In the middle of a pandemic, a DNA test revealed a relationship my mom had been waiting for her whole life, but her families--known and foreign--are scattered around the world, still waiting for their first face-to-face meeting.
LinkedIn had a notification for me on May 1, 2020 that changed the life of my family forever, but I almost didn’t open it. An unfamiliar name with the headline “Ancestry.” Maybe it’s a membership offer to the Ancestry website, I thought, so I didn’t think to read it. I got another notification, however, this time on Facebook messenger. Same unknown person. Huh. Okay, maybe this is something else. So this time I gave it a try.
It was a message from a woman named Elizabeth, asking if I was related to a certain “Teresa Lopez-Pozas,” who happens to be my mother. She said that she and her family had done a DNA test that had revealed that they were closely related.
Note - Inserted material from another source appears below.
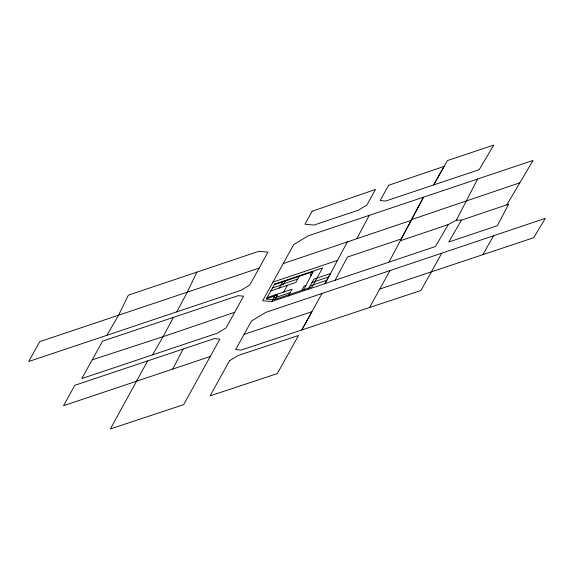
<?xml version="1.0" encoding="UTF-8"?>
<svg xmlns="http://www.w3.org/2000/svg" width="574" height="574" viewBox="0 0 574 574"><rect width="100%" height="100%" fill="white"/><g stroke="black" fill="none" stroke-linecap="round" stroke-linejoin="round"><path stroke-width="0.86" d="M196.882 272.119L187.303 292.159L176.792 311.854M477.633 179.002L456.402 220.143L448.201 224.613L400.279 240.8M172.752 369.06L183.128 349.035L214.454 338.56L219.885 339.083L183.644 404.648L110.395 428.929L147.647 360.917M335.108 280.248L347.421 257.059L401.233 238.971L411.163 220.359L283.226 263.574L262.691 300.711L271.767 301.544L435.515 246.483L448.201 224.613M303.646 289.727L313.282 271.617L274.264 284.726M325.149 283.599L347.435 241.733M356.906 238.554L369.254 215.358M388.914 262.153L423.519 197.162L411.587 219.555L519.829 182.805M173.391 317.393L163.088 336.687L152.584 354.854L81.795 378.546L102.595 341.135L238.16 295.667L243.584 296.184L226.056 327.933L217.424 333.164L152.584 354.854M441.772 253.177L420.943 290.48L241.087 350.104L235.656 349.58L251.405 321.088L265.798 312.356L545.3 218.364L533.734 237.686L379.758 289.059M283.226 263.574L293.701 244.589L308.066 235.878L533.052 160.426L506.835 204.796M322.043 293.436L301.795 329.978L311.912 311.704L244.079 334.362M271.767 301.544L275.52 294.778M279.28 288.012L283.039 281.246M275.269 299.262L277.629 295.014L266.465 298.767M285.429 280.973L283.642 284.187L272.478 287.94M283.685 292.037L287.445 285.271M288.342 295.976L292.101 289.21L267.111 297.605M299.621 275.671L295.861 282.437L270.871 290.839M301.795 290.351L304.155 286.096L305.885 285.515M311.947 272.062L310.168 275.269L311.589 274.795M308.238 289.289L313.878 279.136L330.452 273.561L324.812 283.714M369.512 307.535L390.011 270.584M482.906 254.655L493.54 235.771M461.453 220.136L448.782 242.027L497.385 225.668L508.657 204.179L461.453 220.136L456.402 220.143M106.85 335.309L118.588 315.212L128.368 295.151L258.874 251.297L267.95 252.129L249.762 285.041L241.13 290.272L28.7 361.52L39.764 341.652L259.139 268.065M234.701 312.278L163.088 336.687L92.192 359.841M272.994 282.071L337.49 260.395M281.16 284.625L297.741 279.057M311.998 282.516L328.572 276.948M273.647 298.164L290.222 292.589M310.118 285.902L326.692 280.327M183.128 349.035L74.778 385.312L63.549 405.696L210.263 356.483M229.521 360.716L210.091 395.873L277.342 373.581L298.509 335.489L238.196 355.471L229.521 360.716M312.141 211.218L304.952 224.233L314 225.08L358.291 210.22L366.894 205.004L375.518 189.449L312.141 211.218M388.627 185.273L380.16 200.556L385.62 201.058L479.161 169.689L493.798 145.071L447.361 160.598L433.679 184.943L444.132 166.374L388.627 185.273M274.645 284.037L266.314 299.04L273.877 299.728L312.048 286.907L322.588 267.929L274.645 284.037"/></g></svg>

At this point, I didn’t expect much.
My mom, Teresa, was adopted around 60 years ago as an infant, and we never got a concrete story as to who gave her to her adoptive parents and why. The loving couple who adopted her were not able to meet her biological parents and also had very little to go by as my mom was somewhat passed onto them. We only had a dilapidated picture of her mother, and a name we could barely do anything with. This fact about her life was always a root of many habits she developed as well as lowly opinions of herself.
We only had a dilapidated picture of her mother, and a name we could barely do anything with. This fact about her life was always a root of many habits she developed as well as lowly opinions of herself.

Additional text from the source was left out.